There's no magic number for how often is too often. For some couples, once a week is great. I would have been pretty happy with that in my past marriage, to be honest. But with my GF, we're "higher" drive, and 5 to 7 times a week makes both of us feel warm and fuzzy.

Has there been a decline during your relationship? How old are you both? How long have you been together and how long married? And do you have kids?

C
_Posted via Mobile Device_


----------



## that_girl (Jul 6, 2011)

Talk about expectations, etc.

But please don't ask for sex. It's suuuuch a turnoff. Ew.


----------



## NiceGuy36 (Feb 22, 2012)

I`m sure she isnt unsatisfied with quality or bored. This isnt a question about that. I phrased it specifically, and I dont "ask" per se, but I am getting "shot down" occasionally. To answer the age, children question too; we are both in our 30s, married about 8 years, have one child. 
_Posted via Mobile Device_


----------



## that_girl (Jul 6, 2011)

Is she healthy? Stressed?

I cannot relate, as Hubs and I have sex almost daily...because we both enjoy it and it's just a part of our lives. We're in late20s/mid 30s and have 2 kids.

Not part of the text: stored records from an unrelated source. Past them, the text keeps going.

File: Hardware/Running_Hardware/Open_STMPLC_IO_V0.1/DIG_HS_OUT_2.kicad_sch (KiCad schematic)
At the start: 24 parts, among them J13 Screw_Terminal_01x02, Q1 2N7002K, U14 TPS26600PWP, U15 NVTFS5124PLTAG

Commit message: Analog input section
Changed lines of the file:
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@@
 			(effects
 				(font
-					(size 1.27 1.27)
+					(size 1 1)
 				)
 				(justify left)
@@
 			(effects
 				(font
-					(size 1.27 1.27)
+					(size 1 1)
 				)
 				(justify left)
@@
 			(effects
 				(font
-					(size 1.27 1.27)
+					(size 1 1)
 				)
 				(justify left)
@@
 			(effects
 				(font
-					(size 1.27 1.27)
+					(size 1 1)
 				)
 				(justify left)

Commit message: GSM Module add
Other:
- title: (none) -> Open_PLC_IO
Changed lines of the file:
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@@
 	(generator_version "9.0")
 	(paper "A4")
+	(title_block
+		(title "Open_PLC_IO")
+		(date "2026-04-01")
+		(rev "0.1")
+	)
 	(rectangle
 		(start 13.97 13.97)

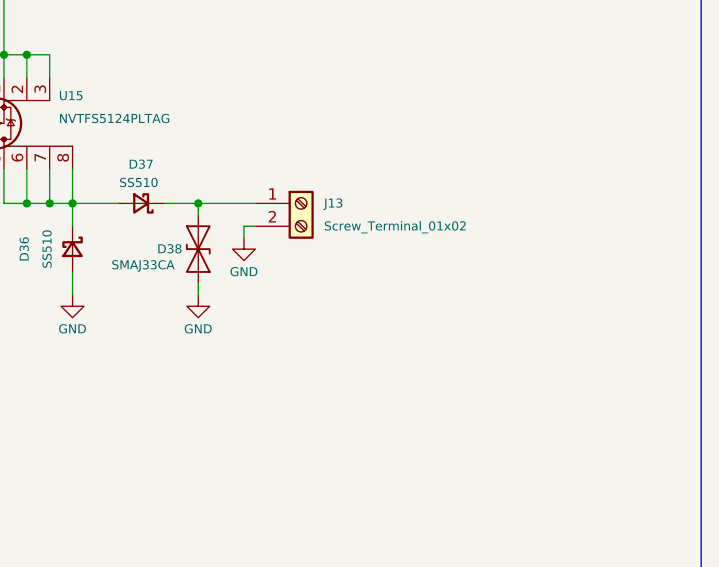
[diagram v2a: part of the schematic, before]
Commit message: Main PCB schematic changes V0.1
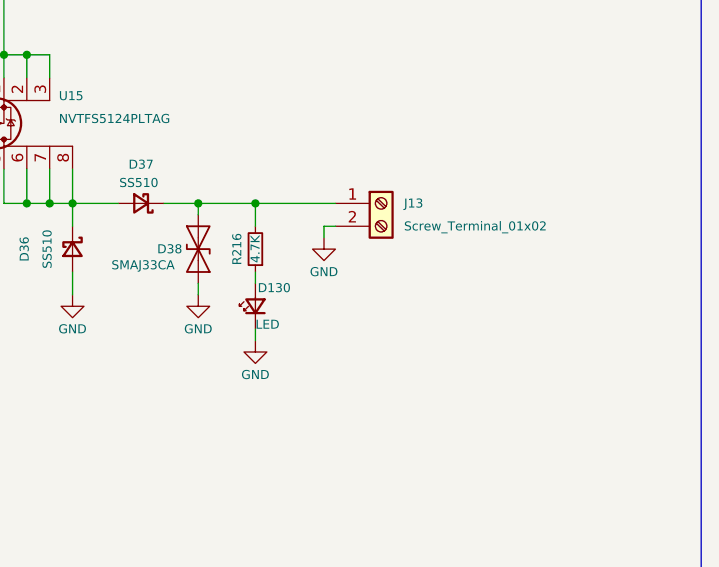
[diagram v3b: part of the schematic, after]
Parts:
- added D130: LED, LED_SMD:LED_0603_1608Metric_Pad1.05x0.95mm_HandSolder, symbol Device:LED_Small
- added R216: 4.7K, Resistor_SMD:R_0603_1608Metric_Pad0.98x0.95mm_HandSolder, symbol Device:R_Small
- C23, C24, C26: footprint (none) -> Capacitor_SMD:C_0603_1608Metric_Pad1.08x0.95mm_HandSolder
- C25: footprint (none) -> Capacitor_SMD:C_0805_2012Metric_Pad1.18x1.45mm_HandSolder
- D35: footprint (none) -> Diode_SMD:D_SOD-123
- J13: footprint (none) -> TerminalBlock_Phoenix:TerminalBlock_Phoenix_MKDS-1,5-2_1x02_P5.00mm_Horizontal
- R87, R88, R89, R90: footprint (none) -> Resistor_SMD:R_0603_1608Metric_Pad0.98x0.95mm_HandSolder
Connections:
- net GND: now also D130.1 (K)
- net at D37.1 (K), D38.1 (A1), J13.1 (Pin_1): now also R216.2
- new net: D130.2 (A), R216.1
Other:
- title: Open_PLC_IO -> Open_STMPLC_IO
- moved on the sheet: J13

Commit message: New DXF update
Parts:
- J13: footprint TerminalBlock_Phoenix:TerminalBlock_Phoenix_MKDS-1,5-2_1x02_P5.00mm_Horizontal -> TerminalBlock_Phoenix:TerminalBlock_Phoenix_MKDS-1-2-3.81_1x02_P3.81mm_Horizontal
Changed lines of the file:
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@@
 			)
 		)
-		(property "Footprint" "TerminalBlock_Phoenix:TerminalBlock_Phoenix_MKDS-1,5-2_1x02_P5.00mm_Horizontal"
+		(property "Footprint" "TerminalBlock_Phoenix:TerminalBlock_Phoenix_MKDS-1-2-3.81_1x02_P3.81mm_Horizontal"
 			(at 246.38 88.9 0)
 			(effects

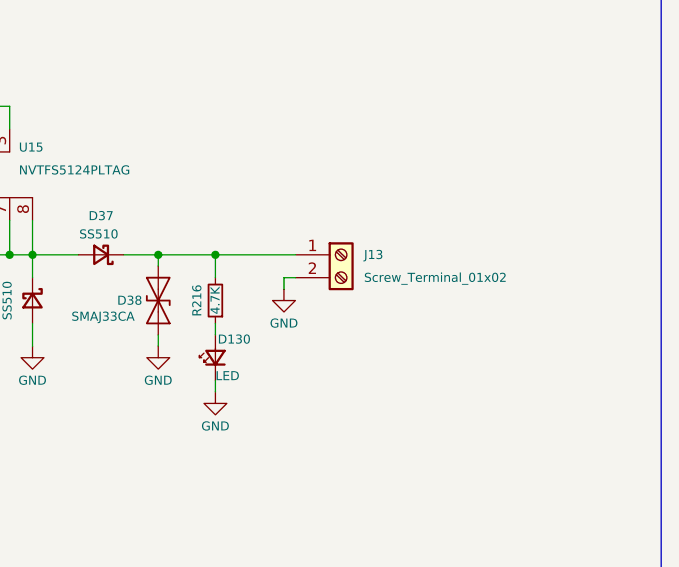
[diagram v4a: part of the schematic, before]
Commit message: Common GND terminal changes
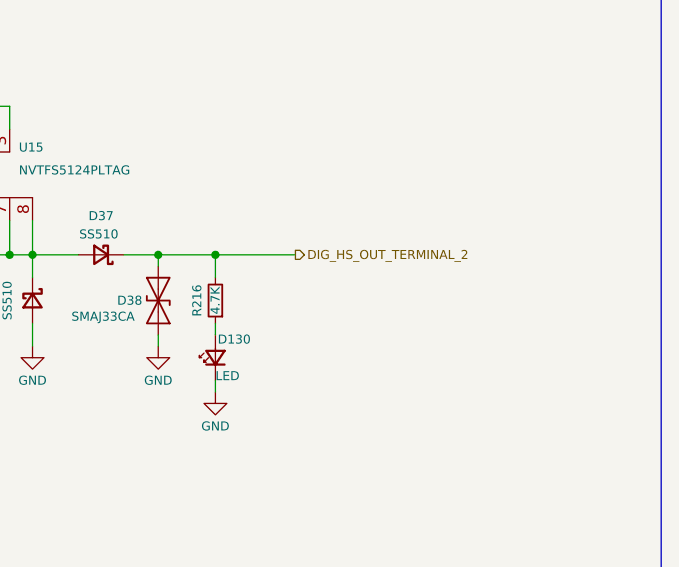
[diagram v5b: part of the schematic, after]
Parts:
- removed J13: Screw_Terminal_01x02, TerminalBlock_Phoenix:TerminalBlock_Phoenix_MKDS-1-2-3.81_1x02_P3.81mm_Horizontal, symbol Connector:Screw_Terminal_01x02
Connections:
- net DIG_HS_OUT_TERMINAL_2: now reaches D37.1 (K), D38.1 (A1), R216.2
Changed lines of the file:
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@@
-	(wire
-		(pts
-			(xy 240.03 92.71) (xy 240.03 91.44)
-		)
-		(stroke
-			(width 0)
-			(type default)
-		)
-	)
 	(wire
 		(pts
@@
 	(wire
 		(pts
-			(xy 240.03 91.44) (xy 241.3 91.44)
-		)
-		(stroke
-			(width 0)
-			(type default)
-		)
-	)
-	(wire
-		(pts
 			(xy 189.23 80.01) (xy 193.04 80.01)
 		)
@@
 			(width 0)
 			(type default)
+		)
+	)
+	(hierarchical_label "DIG_HS_OUT_TERMINAL_2"
+		(shape output)
+		(at 241.3 88.9 0)
+		(effects
+			(font
+				(size 1 1)
+			)
+			(justify left)
 		)
 	)
@@
 				(path "/4d6787b6-1f4f-4098-b70b-d936e584350b/dbe29928-7395-4ef9-a75f-9ae2dbfd9b50"
 					(reference "#PWR083")
-					(unit 1)
-				)
-			)
-		)
-	)
-	(symbol
-		(lib_id "Connector:Screw_Terminal_01x02")
-		(at 246.38 88.9 0)
-		(unit 1)
-		(exclude_from_sim no)
-		(in_bom yes)
-		(on_board yes)
-		(dnp no)
-		(fields_autoplaced yes)
-		(property "Reference" "J13"
-			(at 248.92 88.8999 0)
-			(effects
-				(font
-					(size 1 1)
-				)
-				(justify left)
-			)
-		)
-		(property "Value" "Screw_Terminal_01x02"
-			(at 248.92 91.4399 0)
-			(effects
-				(font
-					(size 1 1)
-				)
-				(justify left)
-			)
-		)
-		(property "Footprint" "TerminalBlock_Phoenix:TerminalBlock_Phoenix_MKDS-1-2-3.81_1x02_P3.81mm_Horizontal"
-			(at 246.38 88.9 0)
-			(effects
-				(font
-					(size 1.27 1.27)
-				)
-				(hide yes)
-			)
-		)
-		(property "Datasheet" "~"
-			(at 246.38 88.9 0)
-			(effects
-				(font
-					(size 1.27 1.27)
-				)
-				(hide yes)
-			)
-		)
-		(property "Description" "Generic screw terminal, single row, 01x02, script generated (kicad-library-utils/schlib/autogen/connector/)"
-			(at 246.38 88.9 0)
-			(effects
-				(font
-					(size 1.27 1.27)
-				)
-				(hide yes)
-			)
-		)
-		(pin "1"
-		)
-		(pin "2"
-		)
-		(instances
-			(project "Open_STMPLC_IO_V0.1"
-				(path "/4d6787b6-1f4f-4098-b70b-d936e584350b/dbe29928-7395-4ef9-a75f-9ae2dbfd9b50"
-					(reference "J13")
 					(unit 1)
 				)
@@
 					(unit 1)
 				)
-			)
-		)
-	)
-	(symbol
-		(lib_id "power:GND")
-		(at 240.03 92.71 0)
-		(unit 1)
-		(exclude_from_sim no)
-		(in_bom yes)
-		(on_board yes)
-		(dnp no)
-		(property "Reference" "#PWR088"
-			(at 240.03 99.06 0)
-			(effects
-				(font
-					(size 1 1)
-				)
-				(hide yes)
-			)
-		)
-		(property "Value" "GND"
-			(at 240.03 96.52 0)
-			(effects
-				(font
-					(size 1 1)
-				)
-			)
-		)
-		(property "Footprint" ""
-			(at 240.03 92.71 0)
-			(effects
-				(font
-					(size 1.27 1.27)
-				)
-				(hide yes)
-			)
-		)
-		(property "Datasheet" ""
-			(at 240.03 92.71 0)
-			(effects
-				(font
-					(size 1.27 1.27)
-				)
-				(hide yes)
-			)
-		)
-		(property "Description" "Power symbol creates a global label with name \"GND\" , ground"
-			(at 240.03 92.71 0)
-			(effects
-				(font
-					(size 1.27 1.27)
-				)
-				(hide yes)
-			)
-		)
-		(pin "1"
-		)
-		(instances
-			(project "Open_STMPLC_IO_V0.1"
-				(path "/4d6787b6-1f4f-4098-b70b-d936e584350b/dbe29928-7395-4ef9-a75f-9ae2dbfd9b50"
-					(reference "#PWR088")
-					(unit 1)
-				)

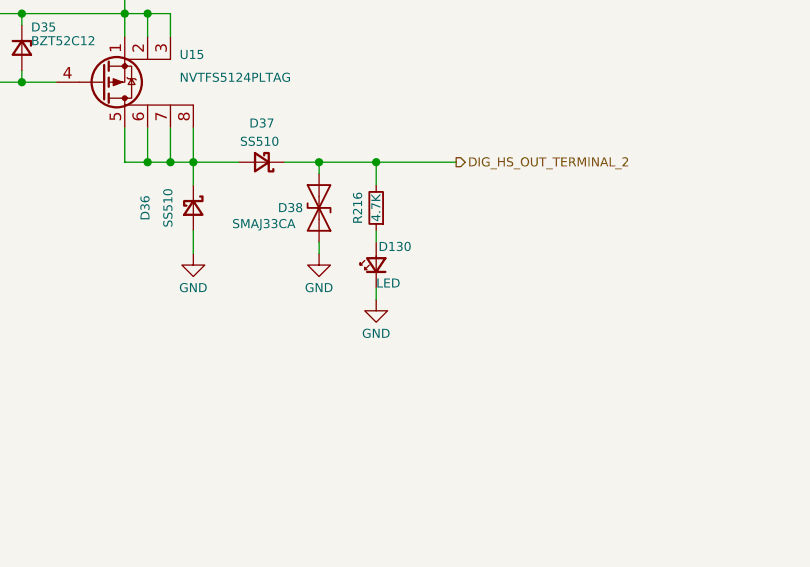
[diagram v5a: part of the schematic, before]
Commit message: Schematic updates
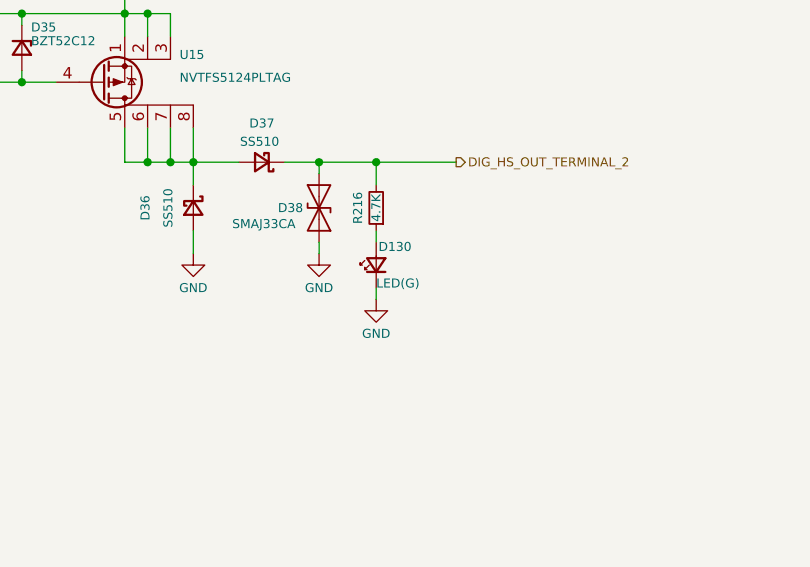
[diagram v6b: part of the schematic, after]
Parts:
- D130: value LED -> LED(G)
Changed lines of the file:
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@@
 			)
 		)
-		(property "Value" "LED"
+		(property "Value" "LED(G)"
 			(at 232.41 102.362 90)
 			(effects

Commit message: Gerber generation v0.1
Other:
- company: (none) -> Thingslista Automation LLP
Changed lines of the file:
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@@
 	(title_block
 		(title "Open_STMPLC_IO")
-		(date "2026-05-23")
+		(date "2026-06-03")
 		(rev "0.1")
+		(company "Thingslista Automation LLP")
 	)
 	(rectangle

What does she do when you just start snugglin and kissing her? Why does she reject you? Have you asked?


----------



## NiceGuy36 (Feb 22, 2012)

It`s totally an issue of what I want quantity vs what she wants quantity. Usually she says she is tired which I believe because she seems tired. I`m kind of just looking to find out if I am being unreasonable by wanting more than she does. To me, I kind of feel like she isnt caring about my needs, and that bothers me as much as the lack of number of number of times does.
_Posted via Mobile Device_


----------



## NiceGuy36 (Feb 22, 2012)

To answer the other part of your question Chat Girl, she is reasonably healthy and I dont think she is too stressed out.
_Posted via Mobile Device_


----------



## that_girl (Jul 6, 2011)

You didn't answer my questions...

But ok. So she isn't caring about your needs. Are you caring about hers?


----------



## NiceGuy36 (Feb 22, 2012)

Sorry I didnt answer the rest of your ? Chat Girl.  So, she just usually says she is either tired which is around bed time, or during the day, that she isnt interested at that time. I guess I feel like I am expected to just accept her schedule without the compromise I feel she should give on my behalf to make me happy, and so that is why I asked the original question that I asked. I feel like this is unfair to me, and want to know if my high-sex needs are unreasonable before making a larger issue of it.
_Posted via Mobile Device_


----------



## PBear (Nov 16, 2010)

Was your sex life more frequent in the past?

Both of you seem to have drives that I personally would think are normal or reasonable. But I don't really see where you're compromising either.... It seems from your posts that you think she should meet your needs, and forget her feelings. Again, maybe two times a week IS her compromise already. Maybe she'd prefer once a week.

And it's "that girl", not "chat girl". 

C
_Posted via Mobile Device_


----------



## that_girl (Jul 6, 2011)

Thanks, Pbear 

Yea, it seems to be all about you. have you talked to her about what she wants and what you want?


----------



## NiceGuy36 (Feb 22, 2012)

I would say that what I am getting from her is a "this is how often I want it deal with it" type of response. And that is the issue I have. I get that that may be all that she wants and I guess if that is the case, I would have to live with it (unhappily), but it`s the fact that it has a line in the sand "you`ll have to make advances and I`ll let you know if I`m not interested" feel to it that really bothers me. I dont feel that that is fair to me. I was kind of looking for a yes you are reasonable to expect more, no your expectations are unreasonable response to gauge if my expectationns are, in fact, either reasonable or unreasonable before furthering the dialogue about it.
_Posted via Mobile Device_


----------



## that_girl (Jul 6, 2011)

Well, we dont' know the dynamics of you and your marriage.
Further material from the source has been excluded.